An archived instance of discourse for discussion in undergraduate Real and Numerical Analysis.

Proving the Uniqueness of the Generalized Riemann Integral


Thm. 8.1.7: If a function has a generalized Riemann integral, then the value of the integral is unique.


Suppose $f$ has Generalized Riemann Integral $A_1$ and also $A_2$. Want to show that $A_1 = A_2$.

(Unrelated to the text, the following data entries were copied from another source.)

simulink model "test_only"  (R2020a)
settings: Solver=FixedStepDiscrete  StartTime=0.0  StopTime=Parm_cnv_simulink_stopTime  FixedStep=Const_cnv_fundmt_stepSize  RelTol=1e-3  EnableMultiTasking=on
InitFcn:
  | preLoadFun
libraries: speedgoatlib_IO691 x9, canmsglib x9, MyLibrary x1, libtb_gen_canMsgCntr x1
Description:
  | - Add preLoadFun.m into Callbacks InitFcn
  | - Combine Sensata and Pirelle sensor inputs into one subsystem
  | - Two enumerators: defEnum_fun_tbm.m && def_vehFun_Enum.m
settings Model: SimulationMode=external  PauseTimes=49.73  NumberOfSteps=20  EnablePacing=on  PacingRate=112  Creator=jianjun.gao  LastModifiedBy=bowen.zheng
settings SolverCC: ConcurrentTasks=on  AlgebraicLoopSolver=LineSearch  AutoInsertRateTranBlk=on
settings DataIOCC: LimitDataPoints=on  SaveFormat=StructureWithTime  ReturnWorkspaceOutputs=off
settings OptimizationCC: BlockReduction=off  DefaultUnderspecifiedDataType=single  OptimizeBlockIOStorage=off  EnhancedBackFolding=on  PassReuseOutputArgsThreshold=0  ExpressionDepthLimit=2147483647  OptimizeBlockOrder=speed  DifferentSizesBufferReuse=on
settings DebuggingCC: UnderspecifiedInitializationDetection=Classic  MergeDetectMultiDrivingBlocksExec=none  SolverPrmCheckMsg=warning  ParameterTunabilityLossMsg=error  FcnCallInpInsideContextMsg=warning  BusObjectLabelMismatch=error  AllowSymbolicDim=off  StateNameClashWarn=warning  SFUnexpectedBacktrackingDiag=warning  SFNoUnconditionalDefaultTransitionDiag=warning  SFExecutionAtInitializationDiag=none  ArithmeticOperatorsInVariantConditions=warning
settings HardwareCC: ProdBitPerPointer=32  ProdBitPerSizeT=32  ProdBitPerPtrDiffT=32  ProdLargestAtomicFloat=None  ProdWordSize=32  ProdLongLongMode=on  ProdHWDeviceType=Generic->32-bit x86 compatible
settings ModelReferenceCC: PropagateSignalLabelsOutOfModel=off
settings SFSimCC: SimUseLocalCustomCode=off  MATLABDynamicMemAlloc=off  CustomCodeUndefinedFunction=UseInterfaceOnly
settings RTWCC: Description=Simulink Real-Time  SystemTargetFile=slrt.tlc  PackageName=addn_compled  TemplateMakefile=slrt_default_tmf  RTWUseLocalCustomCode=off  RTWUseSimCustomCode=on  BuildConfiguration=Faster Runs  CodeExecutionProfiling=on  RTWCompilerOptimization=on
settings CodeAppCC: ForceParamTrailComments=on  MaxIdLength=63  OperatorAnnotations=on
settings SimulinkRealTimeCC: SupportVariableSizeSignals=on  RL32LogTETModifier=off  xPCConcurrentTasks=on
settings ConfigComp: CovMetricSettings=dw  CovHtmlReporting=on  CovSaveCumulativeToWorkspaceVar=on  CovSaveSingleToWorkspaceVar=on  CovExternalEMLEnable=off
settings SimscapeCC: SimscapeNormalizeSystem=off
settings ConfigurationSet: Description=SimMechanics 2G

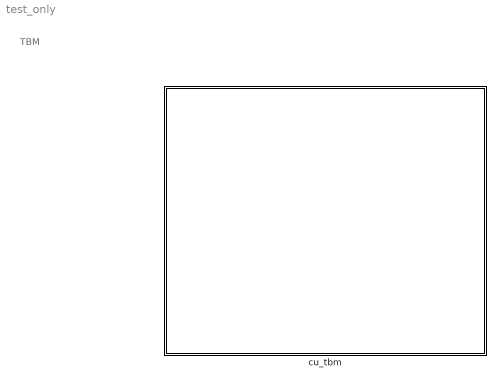
== system test_only ==
  note: TBM
  cu_tbm : Subsystem

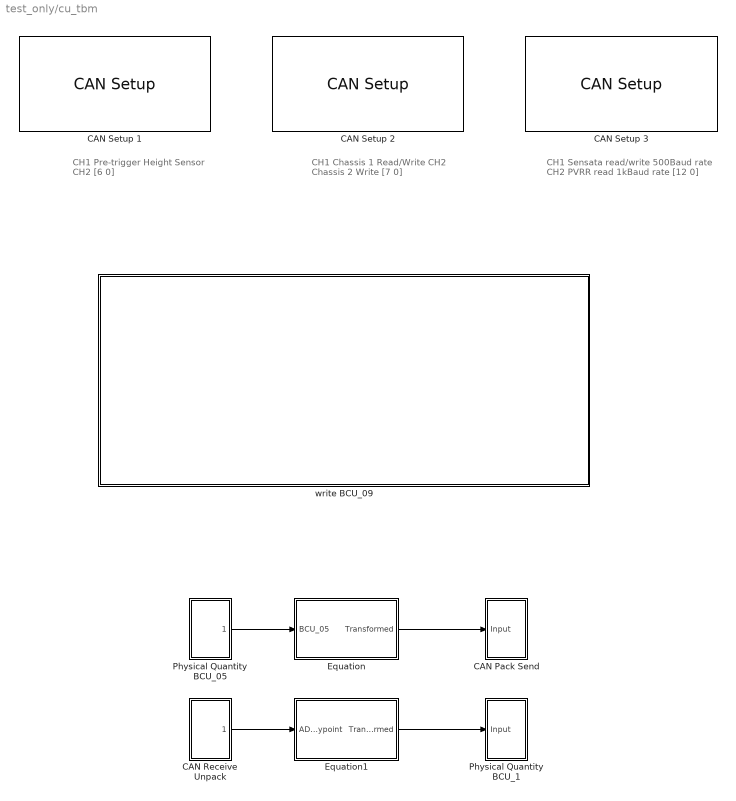
== system test_only/cu_tbm ==
  note: CH1 Pre-trigger Height Sensor
      | CH2
      | [6 0]
  note: CH1 Chassis 1 Read/Write
      | CH2 Chassis 2 Write
      | [7 0]
  note: CH1 Sensata read/write 500Baud rate
      | CH2 PVRR read 1kBaud rate
      | [12 0]
  CAN Pack Send : Subsystem
  CAN Receive Unpack : Subsystem
  CAN Setup 1 : speedgoatlib_IO691/CAN Setup   moduletype=IO691  id=1  pciSlot=[6 0]  chn1=CAN (HS)  chn2=CAN (HS)  chn3=Disabled  chn4=Disabled  initStruct=[]  termStruct=[]  ArbitrationbdrChn1=500 kBaud  ArbitrationManbdrChn1=[2,16,63,16]  FdbdrChn1=5.0 MBaud  FdManbdrChn1=[2,2,5,2]  ArbitrationbdrChn2=500 kBaud  ArbitrationManbdrChn2=[2,16,63,16]  FdbdrChn2=5.0 MBaud  FdManbdrChn2=[2,2,5,2]  ArbitrationbdrChn3=1.0 MBaud  ArbitrationManbdrChn3=[2,8,31,8]  FdbdrChn3=5.0 MBaud  FdManbdrChn3=[2,2,5,2]  ArbitrationbdrChn4=1.0 MBaud  ArbitrationManbdrChn4=[2,8,31,8]  FdbdrChn4=5.0 MBaud  FdManbdrChn4=[2,2,5,2]  moduleInitValues=[691 1 6 0]
      settings: SourceProductName=Simulink Real-Time: Speedgoat I/O Blockset
  CAN Setup 2 : speedgoatlib_IO691/CAN Setup   moduletype=IO691  id=2  pciSlot=[7 0]  chn1=CAN (HS)  chn2=CAN (HS)  chn3=Disabled  chn4=Disabled  initStruct=[]  termStruct=[]  ArbitrationbdrChn1=500 kBaud  ArbitrationManbdrChn1=[2,16,63,16]  FdbdrChn1=5.0 MBaud  FdManbdrChn1=[2,2,5,2]  ArbitrationbdrChn2=500 kBaud  ArbitrationManbdrChn2=[2,16,63,16]  FdbdrChn2=5.0 MBaud  FdManbdrChn2=[2,2,5,2]  ArbitrationbdrChn3=1.0 MBaud  ArbitrationManbdrChn3=[2,8,31,8]  FdbdrChn3=5.0 MBaud  FdManbdrChn3=[2,2,5,2]  ArbitrationbdrChn4=1.0 MBaud  ArbitrationManbdrChn4=[2,8,31,8]  FdbdrChn4=5.0 MBaud  FdManbdrChn4=[2,2,5,2]  moduleInitValues=[691 2 7 0]
      settings: SourceProductName=Simulink Real-Time: Speedgoat I/O Blockset
  CAN Setup 3 : speedgoatlib_IO691/CAN Setup   moduletype=IO691  id=4  pciSlot=[12 0]  chn1=CAN (HS)  chn2=CAN (HS)  chn3=Disabled  chn4=Disabled  initStruct=[]  termStruct=[]  ArbitrationbdrChn1=500 kBaud  ArbitrationManbdrChn1=[2,16,63,16]  FdbdrChn1=5.0 MBaud  FdManbdrChn1=[2,2,5,2]  ArbitrationbdrChn2=1.0 MBaud  ArbitrationManbdrChn2=[2,8,31,8]  FdbdrChn2=5.0 MBaud  FdManbdrChn2=[2,2,5,2]  ArbitrationbdrChn3=1.0 MBaud  ArbitrationManbdrChn3=[2,8,31,8]  FdbdrChn3=5.0 MBaud  FdManbdrChn3=[2,2,5,2]  ArbitrationbdrChn4=1.0 MBaud  ArbitrationManbdrChn4=[2,8,31,8]  FdbdrChn4=5.0 MBaud  FdManbdrChn4=[2,2,5,2]  moduleInitValues=[691 4 12 0]
      settings: SourceProductName=Simulink Real-Time: Speedgoat I/O Blockset
  Equation : Subsystem
  Equation1 : Subsystem
  Physical Quantity BCU_05 : Subsystem
  Physical Quantity BCU_1 : Subsystem
  write BCU_09 : Subsystem
  wires:
  Physical Quantity BCU_05/1(BCU_05) -> Equation/1(BCU_05)
  CAN Receive Unpack/1(Output) -> Equation1/1(ADC_Waypoint)
  Equation1/1(Transformed) -> Physical Quantity BCU_1/1(Input)
  Equation/1(Transformed) -> CAN Pack Send/1(Input)

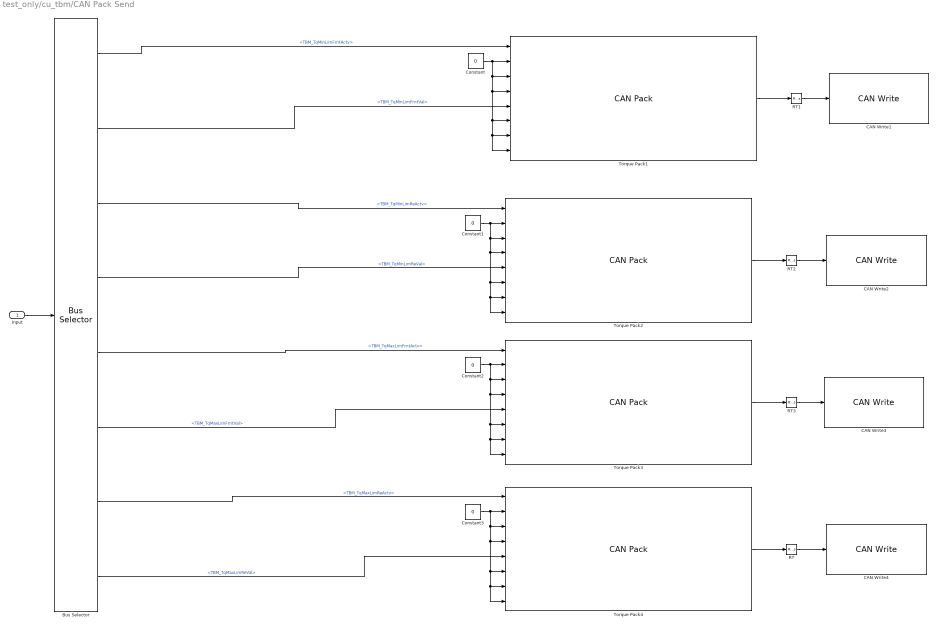
== system test_only/cu_tbm/CAN Pack Send ==
  Input : Inport
  Bus Selector : BusSelector  OutputSignals=TBM_TqMinLimFrntActv,TBM_TqMinLimFrntVal,TBM_TqMinLimReActv,TBM_TqMinLimReVal,TBM_TqMaxLimFrntActv,TBM_TqMaxLimFrntVal,TBM_TqMaxLimReActv,TBM_TqMaxLimReVal
  CAN Write{1..4} (4 alike) : speedgoatlib_IO691/CAN Write  id=2  ts=0.02  channel=1  messageType=CAN  enableStatusPort=off  canType=CAN (HS)  initValues=[691 2 0.02 0 1 1 0]
      settings: SourceProductName=Simulink Real-Time: Speedgoat I/O Blockset
  Constant{,1..3} (4 alike) : Constant  Value=0  OutDataTypeStr=single
  RT{,1..3} (4 alike) : RateTransition  OutPortSampleTime=0.02
  Torque Pack1 : canmsglib/CAN Pack  CANdbFile=.\support\dbc\NIO_NT2_Chassis2_CAN_Official_Release_V_1_1_DA_02.dbc  MsgList=ADC1_WayPoint01  MsgName=ADC1_WayPoint01  MsgIDType=Standard (11-bit identifier)  MsgIdentifier=214  MsgLength=8  Remote=off  ApplyMinMax=off  BusOutput=off  SignalInfo={'LD_Confidence_1','24','4','BE','unsigned','Standard','0','0.1','0','0','1.5';'LD_First_End_1','51','7','BE','unsigned','Standard','0','1','0','0','127';'LD_First_Start_1','16','8','BE','unsigned','Standard','0','0.1','0','0','25.5';'LD_First_Type_1','28','4','BE','unsigned','Standard','0','1','0','0','15';'LD_Line_First_C0_1','56','11','BE','unsigned','Standard','0','0.01','-10.24','-10.24','10.23';'LD_Line_First_C1_1','43','13','BE','unsigned','Standard','0','0.0001','-0.4096','-0.4096','0.4095';'LD_Line_First_C2_1','0','8','BE','unsigned','Standard','0','0.0001','-0.0128','-0.0128','0.0127';'LD_Line_First_C3_1','8','8','BE','unsigned','Standard','0','1e-06','-0.000128','-0.000128','0.000127'}
      settings: SourceProductBaseCode=ME,VN  DataFormat=CANdb specified signals
  Torque Pack2 : canmsglib/CAN Pack  CANdbFile=.\support\dbc\NIO_NT2_Chassis2_CAN_Official_Release_V_1_1_DA_02.dbc  MsgList=ADC1_WayPoint02  MsgName=ADC1_WayPoint02  MsgIDType=Standard (11-bit identifier)  MsgIdentifier=215  MsgLength=8  Remote=off  ApplyMinMax=off  BusOutput=off  SignalInfo={'LD_Confidence_2','24','4','BE','unsigned','Standard','0','0.1','0','0','1.5';'LD_First_End_2','51','7','BE','unsigned','Standard','0','1','0','0','127';'LD_First_Start_2','16','8','BE','unsigned','Standard','0','0.1','0','0','25.5';'LD_First_Type_2','28','4','BE','unsigned','Standard','0','1','0','0','15';'LD_Line_First_C0_2','56','11','BE','unsigned','Standard','0','0.01','-10.24','-10.24','10.23';'LD_Line_First_C1_2','43','13','BE','unsigned','Standard','0','0.0001','-0.4096','-0.4096','0.4095';'LD_Line_First_C2_2','0','8','BE','unsigned','Standard','0','0.0001','-0.0128','-0.0128','0.0127';'LD_Line_First_C3_2','8','8','BE','unsigned','Standard','0','1e-06','-0.000128','-0.000128','0.000127'}
      settings: SourceProductBaseCode=ME,VN  DataFormat=CANdb specified signals
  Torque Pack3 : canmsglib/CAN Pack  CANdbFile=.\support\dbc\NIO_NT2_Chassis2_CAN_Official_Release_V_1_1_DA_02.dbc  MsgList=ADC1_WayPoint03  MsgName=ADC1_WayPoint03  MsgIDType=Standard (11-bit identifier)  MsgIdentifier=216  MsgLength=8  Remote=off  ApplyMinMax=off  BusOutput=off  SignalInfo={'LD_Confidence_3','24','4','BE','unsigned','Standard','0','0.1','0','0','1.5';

Let $\epsilon > 0$. Then there exists $\delta_1(x)$ satisfying:
$$\lvert R(f,P) - A_1 \rvert < \frac{\epsilon}{2}, \hspace{.2cm} \forall \hspace{.2cm} \delta_1(x) \text{-fine tagged partitions}$$

AND there exists $\delta_2(x)$ satisfying:
$$\lvert R(f,P) - A_2 \rvert < \frac{\epsilon}{2}, \hspace{.2cm} \forall \hspace{.2cm} \delta_2(x) \text{-fine tagged partitions}.$$
Now let $\delta(x) = min\lbrace \delta_1(x), \delta_2(x) \rbrace.$

By Thm. 8.1.5, we know there is a tagged partition $(P,\lbrace c_k \rbrace)$ that is both $\delta_1(x)$-fine and $\delta_2(x)$-fine. Then we can say $$\lvert A_1 - A_2 \rvert \leq \lvert A_1 - R(f,P) \rvert + \lvert R(f,P) - A_2 \rvert < \frac{\epsilon}{2} + \frac{\epsilon}{2} = \epsilon$$
Therefore, $A_1 = A_2.\Box$


Thank you for posting all this Christy!